W-net is a self-supervised convolutional neural network architecture to learn to predict depth maps from pairs of stereo images. The network is trained directly on pairs of stereo images to jointly reconstruct the left view from the right view and the rihgt view from the left view, using learned disparity maps and the L1 norm as a reconstruction error metric. A probabilistic selection layer that applies simple geometric transformations is used to reconstruct the left/right view from the right/left view and the corresponding disparity map. This probabilistic selection layer was first introduced by Deep3d, an architecture to predic depth maps from monocular images and convert 2d movies to 3d (see https://arxiv.org/abs/1604.03650). To handle the texture-less region where the reconstruction problem is ill-defined, we use an auxiliary output loss to minimize the spatial gradient of the learned disparity maps. This auxiliary output loss however is weighted by the original image's gradient so that it is only enforced in regions of image where there is no texture, and still allows the disparity map to have sharp transition at the edges of foreground object.
The gif shown on the right is an example of inference of depthmap from stereo images from the movie point break 2, one of the movies held out for validation.
The processes of calculating the disparity map, reconstructing the two views and computing the spatial gradients are all encompassed into a single, end to end framework that can be trained without ground truth, but rather by checking that the learned function is self-consistent.
A test on te KITTI dataset is coming soon. There is still a lot of room for improvement, but the model is capable of infering depthmap at a rate of 20fps from images of resolution 192x336 on a GTX 1070. More importantly, gathering more data for training is an easy process in this case since the model does not require depthmap ground truth. Eventually, this type of neural net for infering depth from stereo images could become a much cheaper and much higher resolution and range alternative to lidar systems.
The architecture of w-net is heavily inspired by the u-net architecture, a residual learning architecture with with multiscale contracting paths used to perform nerve segmentation in the 2016 Ultrasound Nerve Segmentation Kaggle competition. Its particularity is to bring back activation from the lower layers to the higher level, so that, in the case of the nerve segmentation task, the network has a highly detailed reference against which to draw the masks deliminating the nerve cross sections.
In the case of w-net, the disaprity needs to be calculated at the same spatial resolution as the original image, which is intuitively why bringing back up the lower level activations would help.
The second particularity of w-net is the fact that its input consists in a pair of stereo images, which are concatenated along the channel axis, as shown in the schematic above. We use depth wise separable convolutions in order not to loose the cross channel features (https://arxiv.org/abs/1610.02357). This is espacially needed here as the two images are concatenated along the channel axis and need to stay separable.
The third particulrity of w-net is the presence of both a probabilistic selection layer, which uses the calculated disparity to apply geometrical transformations from the left to right images, as well as a gradient layer which computes the spatial gradient of the calculated disparity map in order to enforce some level of smoothness with the help of an auxiliary loss function.

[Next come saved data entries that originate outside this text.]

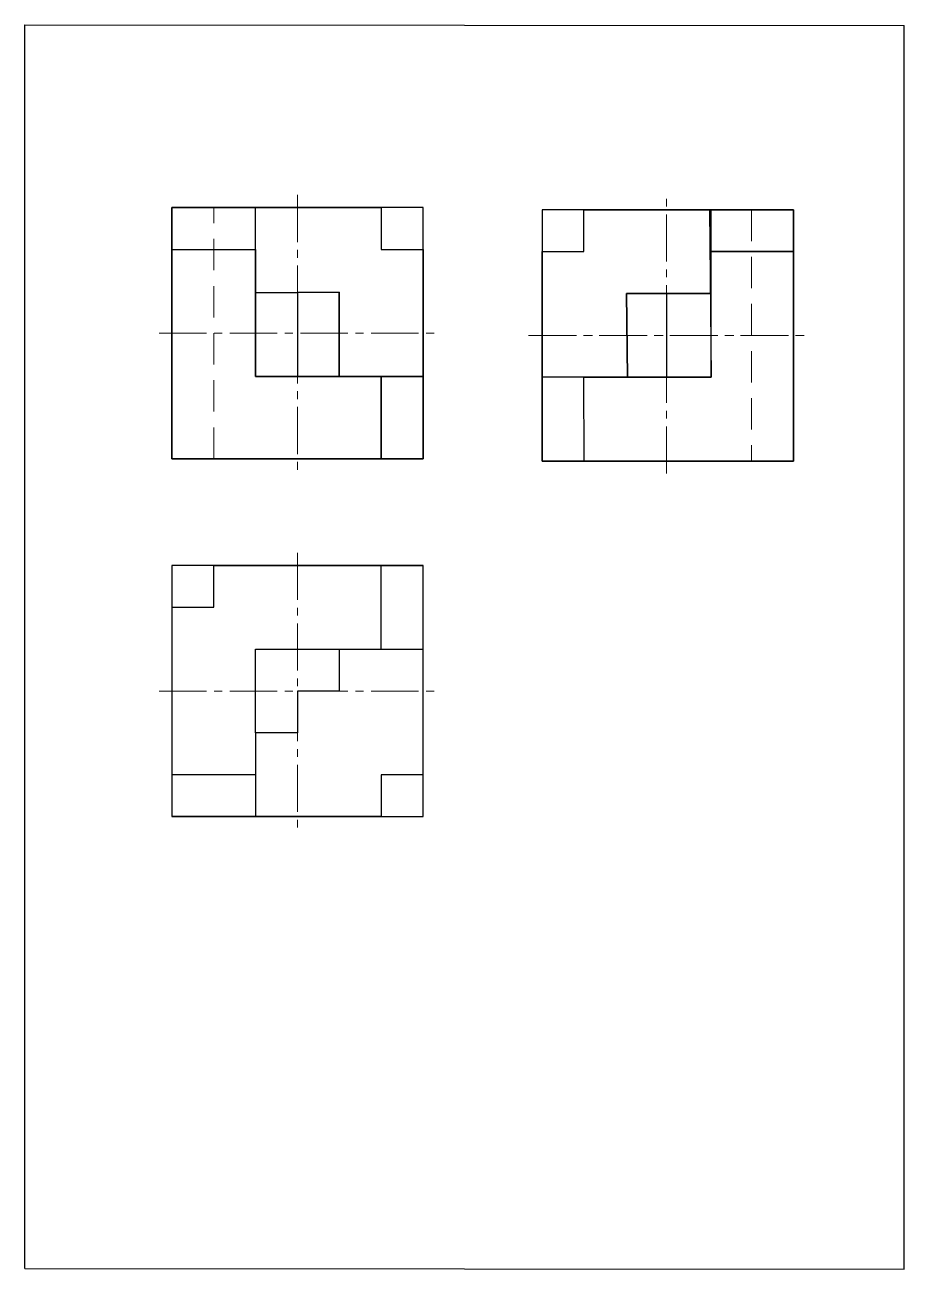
# Model space of a CAD drawing. Header units: millimetres. Extents: x 0 to 210, y 0 to 297.
import ezdxf

# ---------------------------------------------------------------- set-up
doc = ezdxf.new("R2010")
doc.units = ezdxf.units.MM
doc.header["$LTSCALE"] = 15
doc.header["$MEASUREMENT"] = 0
doc.linetypes.add('CENTER2', pattern=[1.125, 0.75, -0.125, 0.125, -0.125])
doc.linetypes.add('DASHED', pattern=[0.75, 0.5, -0.25])
for name, color, linetype, lineweight in [('axe', 1, 'CENTER2', 0), ('contur', 7, 'Continuous', 30), ('muchii ascunse', 3, 'DASHED', 0)]:
    doc.layers.add(name, color=color, linetype=linetype, lineweight=lineweight)

msp = doc.modelspace()

# ---------------------------------------------------------------- linework, layer by layer
for p, q in [((0, 0), (0, 297)), ((0, 297), (210, 296.86)), ((210, -0.14), (210, 296.86)), ((35.1, 253.39), (35.1, 243.39)), ((55.1, 213.04), (55.1, 253.39)), ((95.1, 253.39), (85.1, 253.39)), ((85.1, 253.39), (85.1, 243.39)), ((123.54, 252.85), (123.54, 242.85)), ((133.54, 242.85), (133.54, 252.85)), ((183.54, 252.85), (163.54, 252.85)), ((163.54, 252.85), (163.9, 212.86)), ((35.1, 243.39), (55.1, 243.39)), ((85.1, 243.39), (95.1, 243.39)), ((123.54, 242.85), (133.54, 242.85)), ((163.63, 242.85), (183.54, 242.85)), ((55.1, 233.04), (75.1, 233.2)), ((55.1, 223.04), (55.1, 233.04)), ((65.1, 233.12), (65.1, 213.13)), ((75.1, 233.2), (75.1, 213.21)), ((143.9, 212.85), (143.73, 232.85)), ((143.73, 232.85), (163.72, 232.85)), ((55.1, 213.04), (55.1, 223.04)), ((95.1, 213.04), (55.1, 213.04)), ((85.1, 213.04), (85.1, 193.39)), ((95.1, 193.39), (95.1, 213.39)), ((163.9, 212.86), (123.54, 212.85)), ((133.55, 192.85), (133.54, 212.85)), ((153.9, 212.85), (143.9, 212.85)), ((163.9, 212.86), (153.9, 212.85)), ((123.55, 192.85), (133.55, 192.85)), ((35.1, 167.92), (35.1, 157.92)), ((95.1, 107.92), (95.1, 117.92)), ((0, 0), (210, -0.14))]:
    msp.add_line(p, q)
for points in [[(35.1, 193.39), (95.1, 193.39), (95.1, 253.39), (35.1, 253.39)], [(95.1, 253.39), (95.1, 253.39), (95.1, 253.39), (95.1, 253.39)], [(183.55, 192.85), (183.54, 252.85), (123.54, 252.85), (123.55, 192.85)], [(123.54, 252.85), (123.54, 252.85), (123.54, 252.85), (123.54, 252.85)], [(35.1, 107.92), (95.1, 107.92), (95.1, 167.92), (35.1, 167.92)]]:
    msp.add_lwpolyline(points, close=True)
at = {"layer": 'axe'}
for p, q in [((65.1, 256.39), (65.1, 190.39)), ((153.28, 189.85), (153.27, 255.85)), ((32.1, 223.39), (98.1, 223.39)), ((120.28, 222.85), (186.28, 222.85)), ((120.54, 222.85), (186.54, 222.85)), ((65.1, 170.92), (65.1, 104.92)), ((32.1, 137.92), (98.1, 137.92))]:
    msp.add_line(p, q, dxfattribs=at)
at = {"layer": 'contur'}
for p, q in [((35.1, 253.39), (85.1, 253.39)), ((35.1, 193.39), (35.1, 253.39)), ((55.1, 243.39), (55.1, 253.39)), ((85.1, 253.39), (85.1, 243.39)), ((133.54, 242.85), (133.54, 252.85)), ((133.54, 252.85), (183.54, 252.85)), ((163.9, 212.86), (163.9, 252.85)), ((183.54, 252.85), (183.55, 192.85)), ((35.1, 243.39), (55.1, 243.39)), ((55.1, 243.39), (55.1, 213.04)), ((85.1, 243.39), (95.1, 243.39)), ((95.1, 243.39), (95.1, 193.39)), ((123.55, 192.85), (123.54, 242.85)), ((123.54, 242.85), (133.54, 242.85)), ((183.54, 242.85), (163.63, 242.85)), ((75.1, 233.2), (55.1, 233.04)), ((65.1, 233.12), (65.1, 213.13)), ((75.1, 213.21), (75.1, 233.2)), ((163.72, 232.85), (143.73, 232.85)), ((143.73, 232.85), (143.9, 212.85)), ((153.28, 232.85), (153.28, 212.85)), ((55.1, 213.04), (95.1, 213.04)), ((85.1, 193.39), (85.1, 213.04)), ((133.54, 212.85), (123.54, 212.85)), ((133.54, 212.85), (163.9, 212.86)), ((133.55, 192.85), (133.54, 212.85)), ((95.1, 193.39), (35.1, 193.39)), ((183.55, 192.85), (123.55, 192.85)), ((45.1, 157.92), (45.1, 167.92)), ((45.1, 167.92), (95.1, 167.92)), ((85.1, 147.92), (85.1, 167.92)), ((95.1, 117.92), (95.1, 167.92)), ((35.1, 157.92), (45.1, 157.92)), ((35.1, 157.92), (35.1, 107.92)), ((55.1, 127.92), (55.1, 147.92)), ((55.1, 147.92), (75.1, 147.92)), ((75.1, 147.92), (75.1, 137.92)), ((75.1, 147.92), (95.1, 147.92)), ((65.1, 137.92), (65.1, 127.92)), ((75.1, 137.92), (65.1, 137.92)), ((65.1, 127.92), (55.1, 127.92)), ((55.1, 127.92), (55.1, 107.92)), ((55.1, 117.92), (35.1, 117.92)), ((95.1, 117.92), (85.1, 117.92)), ((85.1, 117.92), (85.1, 107.92)), ((85.1, 107.92), (35.1, 107.92))]:
    msp.add_line(p, q, dxfattribs=at)
at = {"layer": 'muchii ascunse'}
for p, q in [((45.1, 193.39), (45.1, 253.39)), ((173.54, 252.85), (173.54, 192.85))]:
    msp.add_line(p, q, dxfattribs=at)

doc.saveas('drawing.dxf')
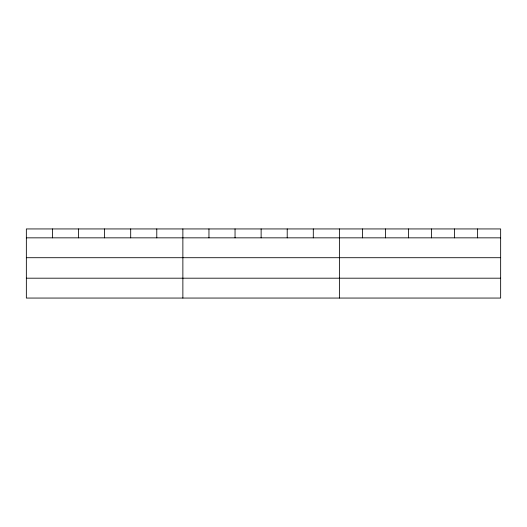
<?xml version="1.0" encoding="UTF-8"?>
<svg xmlns="http://www.w3.org/2000/svg" width="527" height="527" viewBox="0 0 527 527"><rect width="100%" height="100%" fill="white"/><g stroke="black" fill="none" stroke-linecap="round" stroke-linejoin="round"><path stroke-width="0.79" d="M500.65 257.71L500.65 228.942L26.35 228.942L26.35 298.058L500.65 298.058L500.65 257.71L26.35 257.71M26.35 237.842L500.65 237.842M26.35 278.19L500.65 278.19M477.614 228.942L477.614 237.842M454.577 228.942L454.577 237.842M431.541 228.942L431.541 237.842M408.497 228.942L408.497 237.842M385.461 228.942L385.461 237.842M362.424 228.942L362.424 237.842M339.388 228.942L339.388 298.058M313.301 228.942L313.301 237.842M287.215 228.942L287.215 237.842M261.128 228.942L261.128 237.842M235.042 228.942L235.042 237.842M208.955 228.942L208.955 237.842M182.869 228.942L182.869 298.058M156.782 228.942L156.782 237.842M130.696 228.942L130.696 237.842M104.609 228.942L104.609 237.842M78.523 228.942L78.523 237.842M52.436 228.942L52.436 237.842"/></g></svg>

The selection layer is as described in deep3d. The network predicts a probability distribution across possible disparity values d at each pixel location. To get the right image from the left image and the disparity map, and check that the disparity map is correct, we first define a shifted stack of the left view, then we use the disparity map to calculate the right image as the sum of the disparity level and the shifted image pixel value.
This operation differentiable with respect to the disparity. This means that we will be able to train the network using backpropagation to modify the disparity map infered from both the left and right image until it is correct, e.g. we can properly reconstruct the right image from the left image and the disparity map using the equation above.
This selection layer will not contain any learnable weight, its output is completely deterministic given an image and a disparity map. Its only role is to contain information about the simple geometric rules that allow one to calculate right image from left and disparity. This infusion of expert knowledge is all the network needs to start being able to compute depth from pairs of images.
In summary, the selection layer needs to do the following:
- construct the shifted left image stack
- compute the right image by performing a dot product along the disparity values axis
See the included notebook for a detailed explanation and implementation.
The model is implemented in Keras/Tensoflow, and is trained on data from 22 3d movies, sampled at 1 fps. Validation is perfomred on 3 held out movies. The total number of stereo frame is about 125K, training took 4 days on a gtx 1070 with batches of 6 stereo images with resolution 192x336 per eye. Batch normalization is used.